LONDON (Thomson Reuters Foundation) — LGBT+ celebrities will join other dog lovers parading their pets in a virtual dog show for charity this month with a special category to celebrate Pride.

With hundreds of dog shows and Pride parades cancelled due to the coronavirus, the charity Guide Dogs, which provides blind and partially sighted people with guide dogs, wants people to have fun online instead.

Comedian Paul O’Grady, known for his drag queen character Lily Savage, television presenter Anna Richardson and broadcaster Clare Balding are some of the LGBT+ celebrities competing with their pooches.

“We are giving you the opportunity to take part in our own fabulous virtual Pride parade,” the charity said on its Facebook page, asking people to vote online for their favorite canines competing in the Pride Dogs for Guide Dogs category.

“So dig out the outfit you might have planned for your event and feel free to accessorize your paw-some pals to complement your look.”

Britain is a nation of dog-lovers, from the Queen and her corgis to Prime Minister Boris Johnson’s Jack Russell and breeders have seen a surge in demand for dogs during a lockdown to counter the spread of COVID-19.

Pride is celebrated each June to mark the birth of the modern LGBT+ rights movement with the Stonewall riots. Due to the coronavirus, there will be a digital Global Pride instead this year on June 27, with 24-hours of music and speeches.

“Being a young person who is part of the LGBT community and also a guide dog owner, I think this event has really touched close to home,” one Pride Dogs for Guide Dogs competitor, Luke Orros, 20, told the Thomson Reuters Foundation.

“With this event, I think Guide Dogs are really showing that they’re still here and working with people.”

Having spent three months largely confined to his home to counter the spread of COVID-19, Orros said he missed the freedom that his dog Harley normally gives him.

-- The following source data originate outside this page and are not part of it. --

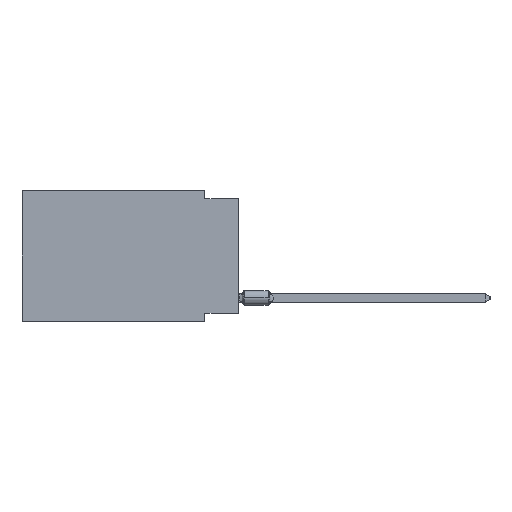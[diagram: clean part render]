
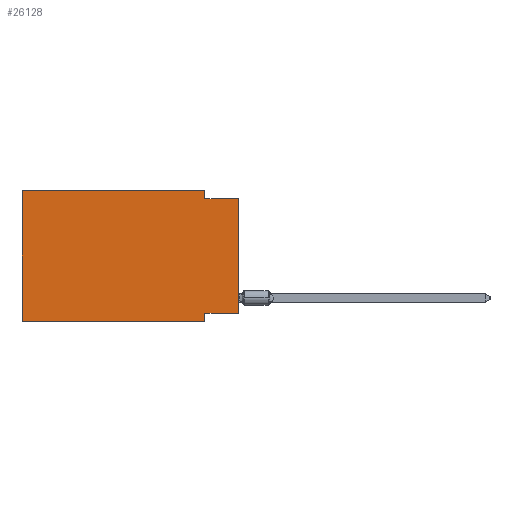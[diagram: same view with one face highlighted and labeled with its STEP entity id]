
A CAD part, left-side view. The second image highlights one B-rep face of the part: STEP entity #26128.
In plain terms, the highlighted planar face has unit normal (-1, 0, 0).
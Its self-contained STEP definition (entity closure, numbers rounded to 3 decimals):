
#905 = CARTESIAN_POINT ( 'NONE',  ( 0., 16.383, 0. ) ) ;
#2356 = VERTEX_POINT ( 'NONE', #17856 ) ;
#2417 = DIRECTION ( 'NONE',  ( 0., 0., -1. ) ) ;
#2918 = EDGE_CURVE ( 'NONE', #19593, #18625, #22183, .T. ) ;
#3413 = DIRECTION ( 'NONE',  ( 1., 0., 0. ) ) ;
#4041 = CARTESIAN_POINT ( 'NONE',  ( 0., 2.54, -9.271 ) ) ;
#4182 = VECTOR ( 'NONE', #43170, 1000. ) ;
#4443 = DIRECTION ( 'NONE',  ( 0., 0., 1. ) ) ;
#4608 = EDGE_CURVE ( 'NONE', #31155, #28971, #29504, .T. ) ;
#5357 = LINE ( 'NONE', #22661, #39593 ) ;
#6681 = EDGE_CURVE ( 'NONE', #38535, #19941, #24393, .T. ) ;
#7287 = ORIENTED_EDGE ( 'NONE', *, *, #17725, .F. ) ;
#7631 = LINE ( 'NONE', #42007, #21020 ) ;
#8329 = ORIENTED_EDGE ( 'NONE', *, *, #42552, .F. ) ;
#9172 = LINE ( 'NONE', #39462, #4182 ) ;
#9435 = CARTESIAN_POINT ( 'NONE',  ( 0., 0., -9.271 ) ) ;
#10303 = ORIENTED_EDGE ( 'NONE', *, *, #4608, .F. ) ;
#10793 = DIRECTION ( 'NONE',  ( 0., -1., 0. ) ) ;
#11223 = AXIS2_PLACEMENT_3D ( 'NONE', #20113, #3413, #34184 ) ;
#12308 = LINE ( 'NONE', #26364, #27038 ) ;
#12530 = EDGE_CURVE ( 'NONE', #19593, #19941, #25955, .T. ) ;
#12807 = ORIENTED_EDGE ( 'NONE', *, *, #35815, .T. ) ;
#14445 = ORIENTED_EDGE ( 'NONE', *, *, #12530, .T. ) ;
#16495 = ORIENTED_EDGE ( 'NONE', *, *, #6681, .F. ) ;
#16640 = ORIENTED_EDGE ( 'NONE', *, *, #2918, .F. ) ;
#16909 = EDGE_LOOP ( 'NONE', ( #14445, #16495, #7287, #10303, #8329, #12807, #30417, #16640 ) ) ;
#17023 = VECTOR ( 'NONE', #35806, 1000. ) ;
#17725 = EDGE_CURVE ( 'NONE', #28971, #38535, #7631, .T. ) ;
#17856 = CARTESIAN_POINT ( 'NONE',  ( 0., 2.54, -9.906 ) ) ;
#18566 = VERTEX_POINT ( 'NONE', #38649 ) ;
#18625 = VERTEX_POINT ( 'NONE', #4041 ) ;
#18952 = CARTESIAN_POINT ( 'NONE',  ( 0., 0., -9.271 ) ) ;
#19593 = VERTEX_POINT ( 'NONE', #18952 ) ;
#19632 = CARTESIAN_POINT ( 'NONE',  ( 0., 16.383, 0. ) ) ;
#19941 = VERTEX_POINT ( 'NONE', #40768 ) ;
#19966 = EDGE_CURVE ( 'NONE', #18625, #2356, #9172, .T. ) ;
#20113 = CARTESIAN_POINT ( 'NONE',  ( 0., 16.383, 0. ) ) ;
#20953 = PLANE ( 'NONE',  #11223 ) ;
#21020 = VECTOR ( 'NONE', #2417, 1000. ) ;
#22134 = DIRECTION ( 'NONE',  ( 0., -1., 0. ) ) ;
#22183 = LINE ( 'NONE', #9435, #17023 ) ;
#22661 = CARTESIAN_POINT ( 'NONE',  ( 0., 16.383, 0. ) ) ;
#24393 = LINE ( 'NONE', #28096, #34837 ) ;
#25671 = DIRECTION ( 'NONE',  ( 0., -1., 0. ) ) ;
#25723 = DIRECTION ( 'NONE',  ( 0., 0., 1. ) ) ;
#25955 = LINE ( 'NONE', #40488, #30889 ) ;
#26128 = ADVANCED_FACE ( 'NONE', ( #45661 ), #20953, .F. ) ;
#26364 = CARTESIAN_POINT ( 'NONE',  ( 0., 16.383, -9.906 ) ) ;
#27038 = VECTOR ( 'NONE', #25671, 1000. ) ;
#28096 = CARTESIAN_POINT ( 'NONE',  ( 0., 0., -0.635 ) ) ;
#28971 = VERTEX_POINT ( 'NONE', #45031 ) ;
#29504 = LINE ( 'NONE', #905, #31850 ) ;
#30417 = ORIENTED_EDGE ( 'NONE', *, *, #19966, .F. ) ;
#30889 = VECTOR ( 'NONE', #25723, 1000. ) ;
#31155 = VERTEX_POINT ( 'NONE', #19632 ) ;
#31850 = VECTOR ( 'NONE', #22134, 1000. ) ;
#34184 = DIRECTION ( 'NONE',  ( 0., 0., -1. ) ) ;
#34837 = VECTOR ( 'NONE', #10793, 1000. ) ;
#35806 = DIRECTION ( 'NONE',  ( 0., 1., 0. ) ) ;
#35815 = EDGE_CURVE ( 'NONE', #18566, #2356, #12308, .T. ) ;
#38535 = VERTEX_POINT ( 'NONE', #40263 ) ;
#38649 = CARTESIAN_POINT ( 'NONE',  ( 0., 16.383, -9.906 ) ) ;
#39462 = CARTESIAN_POINT ( 'NONE',  ( 0., 2.54, -9.906 ) ) ;
#39593 = VECTOR ( 'NONE', #4443, 1000. ) ;
#40263 = CARTESIAN_POINT ( 'NONE',  ( 0., 2.54, -0.635 ) ) ;
#40488 = CARTESIAN_POINT ( 'NONE',  ( 0., 0., 0. ) ) ;
#40768 = CARTESIAN_POINT ( 'NONE',  ( 0., 0., -0.635 ) ) ;
#42007 = CARTESIAN_POINT ( 'NONE',  ( 0., 2.54, 0. ) ) ;
#42552 = EDGE_CURVE ( 'NONE', #18566, #31155, #5357, .T. ) ;
#43170 = DIRECTION ( 'NONE',  ( 0., 0., -1. ) ) ;
#45031 = CARTESIAN_POINT ( 'NONE',  ( 0., 2.54, 0. ) ) ;
#45661 = FACE_OUTER_BOUND ( 'NONE', #16909, .T. ) ;
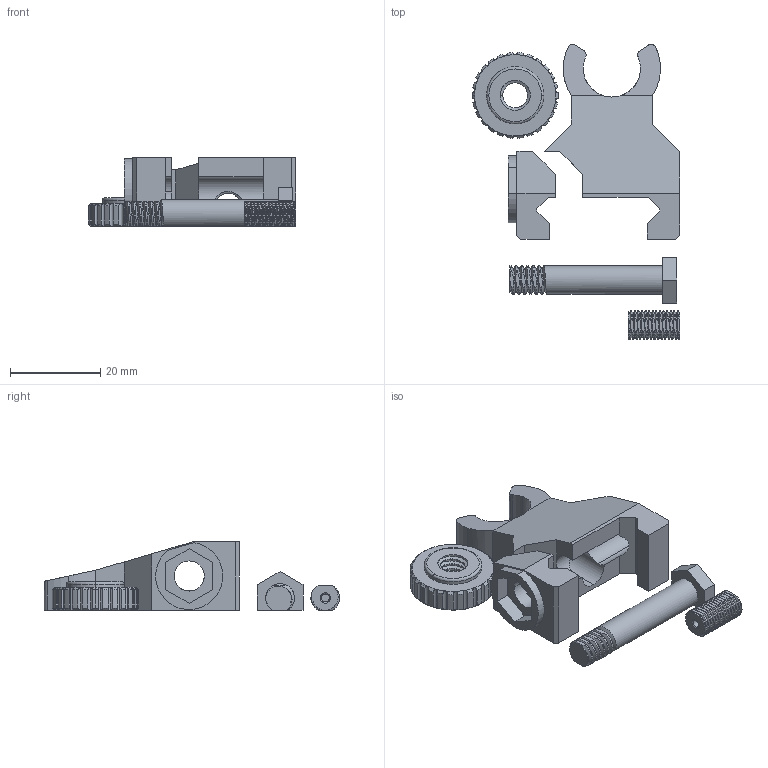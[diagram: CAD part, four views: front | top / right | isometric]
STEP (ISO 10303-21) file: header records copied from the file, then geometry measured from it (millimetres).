
FILE_DESCRIPTION (( 'STEP AP203' ), '1' );
FILE_NAME ('AF-WF-GS-MDL-001-STEP.STEP', '2020-07-21T18:42:15', ( '' ), ( '' ), 'SwSTEP 2.0', 'SolidWorks 2018', '' );
FILE_SCHEMA (( 'CONFIG_CONTROL_DESIGN' ));
Length unit declared in the file: inch
Products named in the file (1): AF-WF-GS-MDL-001-STEP
Bounding box: 46.02 x 65.45 x 15.24 mm (x, y, z)
Volume: 10788.7 mm3; surface area: 7546.7 mm2
Topology: 5 solids, 5 shells, 400 faces, 1053 edges, 669 vertices
Faces by surface type: cylinder 172, plane 128, cone 56, bspline 42, torus 2
Entity records: 33759 total; most frequent: CARTESIAN_POINT 24981, ORIENTED_EDGE 2106, DIRECTION 1480, EDGE_CURVE 1053, VERTEX_POINT 669, AXIS2_PLACEMENT_3D 538, EDGE_LOOP 414, LINE 404
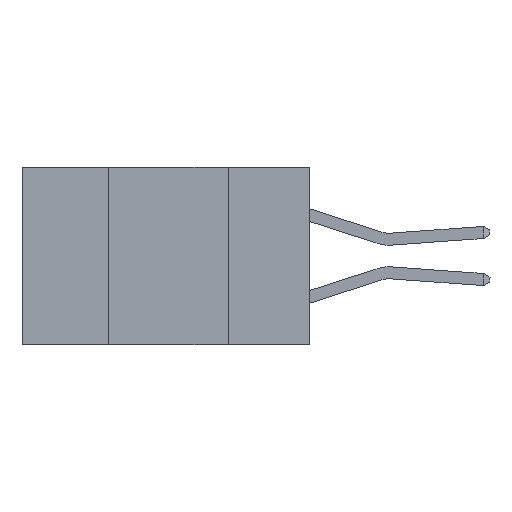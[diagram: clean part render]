
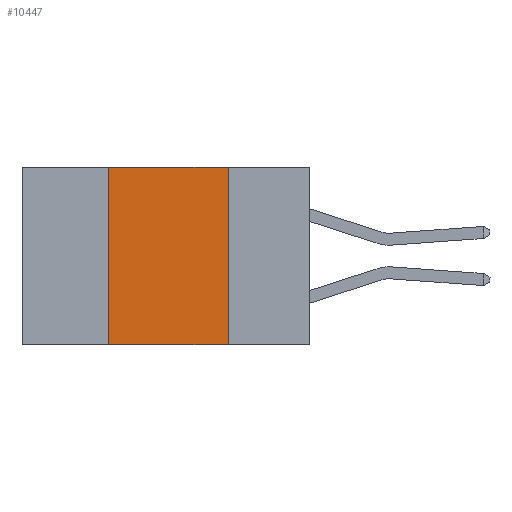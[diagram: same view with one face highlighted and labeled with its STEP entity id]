
A CAD part, left-side view. The second image highlights one B-rep face of the part: STEP entity #10447.
In plain terms, the highlighted planar face has unit normal (-1, 0, 0).
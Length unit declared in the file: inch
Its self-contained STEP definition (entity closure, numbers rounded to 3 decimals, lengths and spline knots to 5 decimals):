
#17 = VECTOR ( 'NONE', #15399, 39.37008 ) ;
#328 = VECTOR ( 'NONE', #6517, 39.37008 ) ;
#625 = ORIENTED_EDGE ( 'NONE', *, *, #7986, .F. ) ;
#1163 = DIRECTION ( 'NONE',  ( 1., 0., 0. ) ) ;
#1569 = CARTESIAN_POINT ( 'NONE',  ( 0., 0.17, 0. ) ) ;
#1963 = CARTESIAN_POINT ( 'NONE',  ( 0., 0.42, 0. ) ) ;
#2359 = DIRECTION ( 'NONE',  ( 0., 0., -1. ) ) ;
#2549 = ORIENTED_EDGE ( 'NONE', *, *, #4997, .F. ) ;
#3029 = LINE ( 'NONE', #14741, #7649 ) ;
#3033 = VERTEX_POINT ( 'NONE', #1569 ) ;
#3782 = DIRECTION ( 'NONE',  ( 0., -1., 0. ) ) ;
#4783 = PLANE ( 'NONE',  #10621 ) ;
#4895 = CARTESIAN_POINT ( 'NONE',  ( 0., 0.6, 0. ) ) ;
#4997 = EDGE_CURVE ( 'NONE', #3033, #6122, #13029, .T. ) ;
#5704 = ORIENTED_EDGE ( 'NONE', *, *, #15581, .F. ) ;
#5899 = VERTEX_POINT ( 'NONE', #6524 ) ;
#5966 = CARTESIAN_POINT ( 'NONE',  ( 0., 0.17, -0.37 ) ) ;
#6122 = VERTEX_POINT ( 'NONE', #5966 ) ;
#6355 = CARTESIAN_POINT ( 'NONE',  ( 0., 0.6, 0. ) ) ;
#6445 = VECTOR ( 'NONE', #8568, 39.37008 ) ;
#6517 = DIRECTION ( 'NONE',  ( 0., -1., 0. ) ) ;
#6524 = CARTESIAN_POINT ( 'NONE',  ( 0., 0.42, 0. ) ) ;
#6748 = LINE ( 'NONE', #1963, #17 ) ;
#6856 = LINE ( 'NONE', #6355, #328 ) ;
#7649 = VECTOR ( 'NONE', #3782, 39.37008 ) ;
#7986 = EDGE_CURVE ( 'NONE', #8104, #5899, #6748, .T. ) ;
#8104 = VERTEX_POINT ( 'NONE', #9558 ) ;
#8568 = DIRECTION ( 'NONE',  ( 0., 0., -1. ) ) ;
#8771 = EDGE_LOOP ( 'NONE', ( #2549, #5704, #625, #15097 ) ) ;
#9558 = CARTESIAN_POINT ( 'NONE',  ( 0., 0.42, -0.37 ) ) ;
#10447 = ADVANCED_FACE ( 'NONE', ( #12078 ), #4783, .F. ) ;
#10621 = AXIS2_PLACEMENT_3D ( 'NONE', #4895, #1163, #2359 ) ;
#12078 = FACE_OUTER_BOUND ( 'NONE', #8771, .T. ) ;
#12262 = CARTESIAN_POINT ( 'NONE',  ( 0., 0.17, 0. ) ) ;
#13029 = LINE ( 'NONE', #12262, #6445 ) ;
#14741 = CARTESIAN_POINT ( 'NONE',  ( 0., 0.6, -0.37 ) ) ;
#14948 = EDGE_CURVE ( 'NONE', #8104, #6122, #3029, .T. ) ;
#15097 = ORIENTED_EDGE ( 'NONE', *, *, #14948, .T. ) ;
#15399 = DIRECTION ( 'NONE',  ( 0., 0., 1. ) ) ;
#15581 = EDGE_CURVE ( 'NONE', #5899, #3033, #6856, .T. ) ;
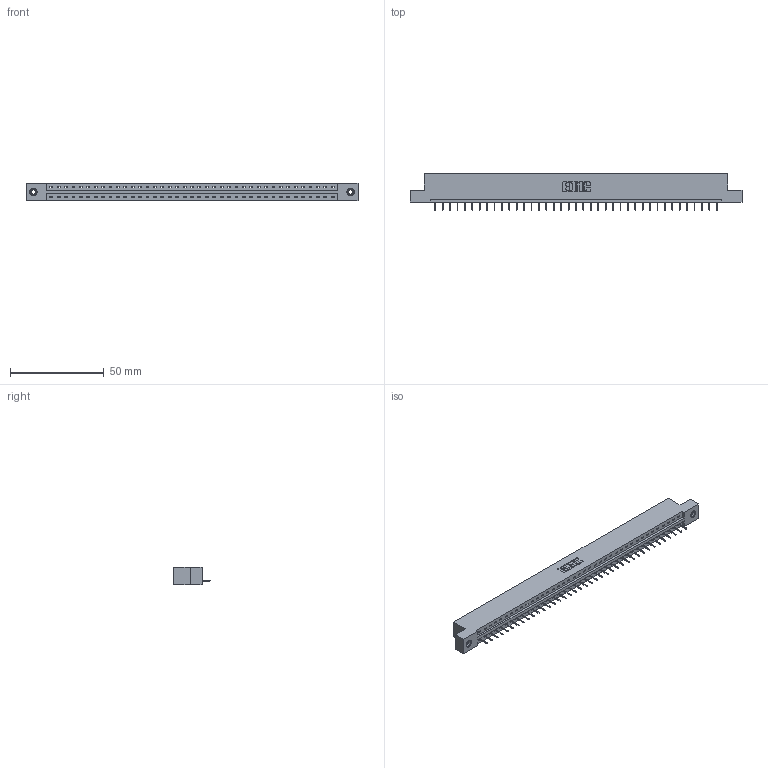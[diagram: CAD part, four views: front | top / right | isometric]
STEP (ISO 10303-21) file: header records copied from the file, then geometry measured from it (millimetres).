
FILE_DESCRIPTION (( 'STEP AP203' ), '1' );
FILE_NAME ('337-039-524-108.STEP', '2018-08-08T07:13:52', ( '' ), ( '' ), 'SwSTEP 2.0', 'SolidWorks 2016', '' );
FILE_SCHEMA (( 'CONFIG_CONTROL_DESIGN' ));
Length unit declared in the file: inch
Products named in the file (4): 337-039-524-108; 337 Part_Flush Mounting Lugs - 0.156 Dia-TI; 345-292-001_345-293-124; 345-250-001_345-250-003-102
Assembly tree (42 placements, depth 2):
  337-039-524-108
    337 Part_Flush Mounting Lugs - 0.156 Dia-TI
    345-292-001_345-293-124  x39
    345-250-001_345-250-003-102  x2
Bounding box: 177.55 x 19.69 x 9.4 mm (x, y, z)
Volume: 18254.8 mm3; surface area: 18334.9 mm2
Topology: 42 solids, 42 shells, 2748 faces, 7935 edges, 5126 vertices
Faces by surface type: plane 2130, cylinder 602, cone 12, torus 4
Entity records: 30638 total; most frequent: CARTESIAN_POINT 5314, ORIENTED_EDGE 5282, DIRECTION 4513, EDGE_CURVE 2641, LINE 2497, VECTOR 2497, VERTEX_POINT 1752, AXIS2_PLACEMENT_3D 1008
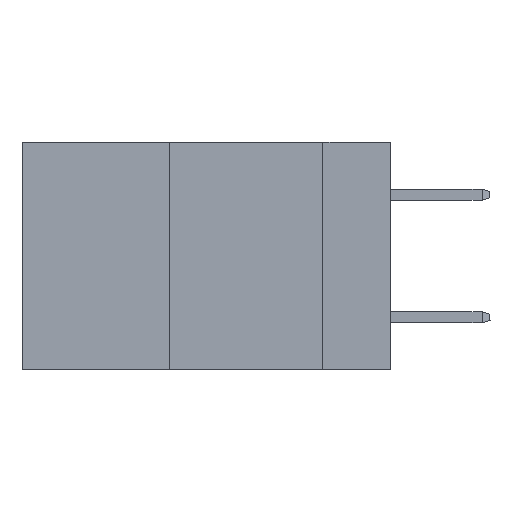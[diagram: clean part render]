
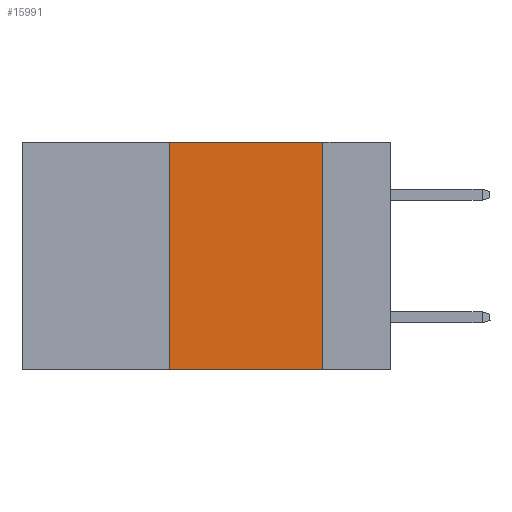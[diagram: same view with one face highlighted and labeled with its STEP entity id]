
A CAD part, left-side view. The second image highlights one B-rep face of the part: STEP entity #15991.
In plain terms, the highlighted planar face has unit normal (-1, 0, 0).
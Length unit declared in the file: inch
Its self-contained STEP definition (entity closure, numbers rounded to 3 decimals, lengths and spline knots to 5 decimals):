
#643 = CARTESIAN_POINT ( 'NONE',  ( 0., 0.6, 0. ) ) ;
#4581 = VERTEX_POINT ( 'NONE', #21005 ) ;
#7000 = EDGE_CURVE ( 'NONE', #4581, #27219, #23626, .T. ) ;
#7604 = EDGE_CURVE ( 'NONE', #27219, #26517, #26602, .T. ) ;
#8056 = AXIS2_PLACEMENT_3D ( 'NONE', #12848, #10440, #13199 ) ;
#8575 = DIRECTION ( 'NONE',  ( 0., 0., -1. ) ) ;
#10440 = DIRECTION ( 'NONE',  ( 1., 0., 0. ) ) ;
#10916 = CARTESIAN_POINT ( 'NONE',  ( 0., 0.6, -0.37 ) ) ;
#11458 = DIRECTION ( 'NONE',  ( 0., -1., 0. ) ) ;
#11513 = EDGE_LOOP ( 'NONE', ( #23986, #29584, #23904, #30124 ) ) ;
#12848 = CARTESIAN_POINT ( 'NONE',  ( 0., 0.6, 0. ) ) ;
#13199 = DIRECTION ( 'NONE',  ( 0., 0., -1. ) ) ;
#15375 = EDGE_CURVE ( 'NONE', #35137, #4581, #23863, .T. ) ;
#15991 = ADVANCED_FACE ( 'NONE', ( #25565 ), #26782, .F. ) ;
#16238 = VECTOR ( 'NONE', #19378, 39.37008 ) ;
#17116 = VECTOR ( 'NONE', #11458, 39.37008 ) ;
#19378 = DIRECTION ( 'NONE',  ( 0., -1., 0. ) ) ;
#20238 = CARTESIAN_POINT ( 'NONE',  ( 0., 0.11, -0.37 ) ) ;
#21005 = CARTESIAN_POINT ( 'NONE',  ( 0., 0.36, 0. ) ) ;
#21070 = CARTESIAN_POINT ( 'NONE',  ( 0., 0.36, 0. ) ) ;
#22234 = EDGE_CURVE ( 'NONE', #35137, #26517, #23641, .T. ) ;
#22790 = CARTESIAN_POINT ( 'NONE',  ( 0., 0.36, -0.37 ) ) ;
#23626 = LINE ( 'NONE', #643, #17116 ) ;
#23641 = LINE ( 'NONE', #10916, #16238 ) ;
#23858 = DIRECTION ( 'NONE',  ( 0., 0., 1. ) ) ;
#23863 = LINE ( 'NONE', #21070, #35088 ) ;
#23904 = ORIENTED_EDGE ( 'NONE', *, *, #15375, .F. ) ;
#23986 = ORIENTED_EDGE ( 'NONE', *, *, #7604, .F. ) ;
#24905 = CARTESIAN_POINT ( 'NONE',  ( 0., 0.11, 0. ) ) ;
#25565 = FACE_OUTER_BOUND ( 'NONE', #11513, .T. ) ;
#25589 = CARTESIAN_POINT ( 'NONE',  ( 0., 0.11, 0. ) ) ;
#26517 = VERTEX_POINT ( 'NONE', #20238 ) ;
#26602 = LINE ( 'NONE', #24905, #27023 ) ;
#26782 = PLANE ( 'NONE',  #8056 ) ;
#27023 = VECTOR ( 'NONE', #8575, 39.37008 ) ;
#27219 = VERTEX_POINT ( 'NONE', #25589 ) ;
#29584 = ORIENTED_EDGE ( 'NONE', *, *, #7000, .F. ) ;
#30124 = ORIENTED_EDGE ( 'NONE', *, *, #22234, .T. ) ;
#35088 = VECTOR ( 'NONE', #23858, 39.37008 ) ;
#35137 = VERTEX_POINT ( 'NONE', #22790 ) ;
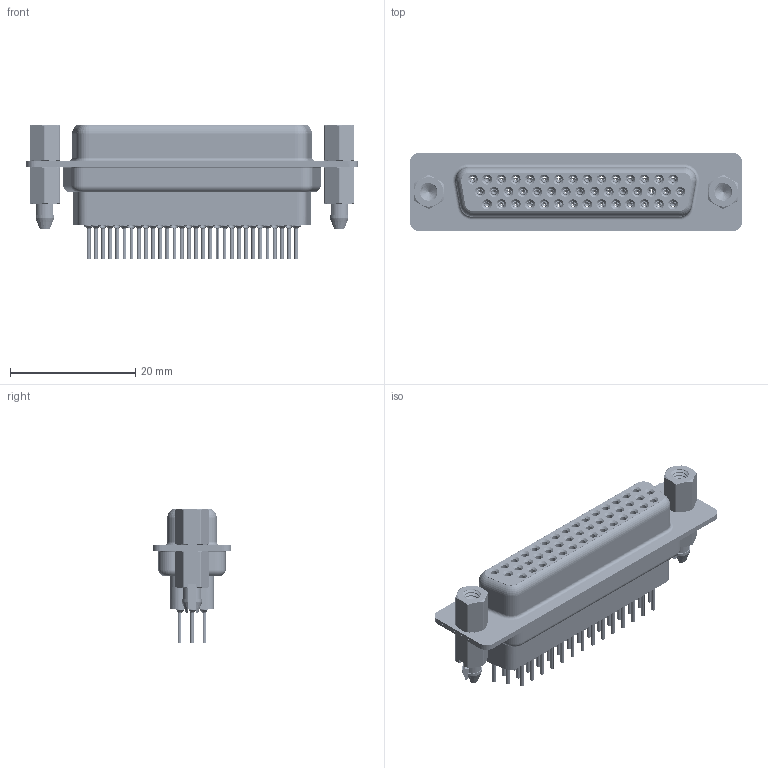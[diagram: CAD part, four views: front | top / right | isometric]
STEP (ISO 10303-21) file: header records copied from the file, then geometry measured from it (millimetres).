
FILE_DESCRIPTION (( 'STEP AP203' ), '1' );
FILE_NAME ('638-044-231-077.STEP', '2020-07-18T22:23:25', ( '' ), ( '' ), 'SwSTEP 2.0', 'SolidWorks 2020', '' );
FILE_SCHEMA (( 'CONFIG_CONTROL_DESIGN' ));
Length unit declared in the file: millimetre
Products named in the file (9): 638 4-40 Threaded Boardlock_LP; 638 Shell Rear_44 Contacts; 638 4-40 Hex Standoff; 638 Contact Row 3_31; 638 Contact Row 1_31; 638-044-231-077; 638 Housing_44 Contacts HP; 638 Shell Front_44 Contacts; 638 Contact Row 2_31
Assembly tree (51 placements, depth 2):
  638-044-231-077
    638 Housing_44 Contacts HP
    638 Shell Front_44 Contacts
    638 Shell Rear_44 Contacts
    638 Contact Row 1_31  x15
    638 Contact Row 2_31  x15
    638 Contact Row 3_31  x14
    638 4-40 Hex Standoff  x2
    638 4-40 Threaded Boardlock_LP  x2
Bounding box: 53.04 x 12.6 x 21.5 mm (x, y, z)
Volume: 4308.5 mm3; surface area: 16120 mm2
Topology: 51 solids, 51 shells, 5891 faces, 15169 edges, 9477 vertices
Faces by surface type: cylinder 1693, plane 1485, torus 1113, bspline 898, cone 702
Entity records: 45584 total; most frequent: CARTESIAN_POINT 14181, DIRECTION 6384, ORIENTED_EDGE 5970, EDGE_CURVE 2985, AXIS2_PLACEMENT_3D 2668, VERTEX_POINT 1895, EDGE_LOOP 1492, CIRCLE 1435

“The whole part that guide dogs play is to give people their independence,” he said. “Having that stripped away with current circumstances of lockdown has been difficult.”

Guide Dogs advised dog owners to limit Pride accessories to collar attachments and leads that do not distress their pets.

“Guide Dogs doesn’t condone the dressing up of dogs,” it said, adding that the winners will be announced in August.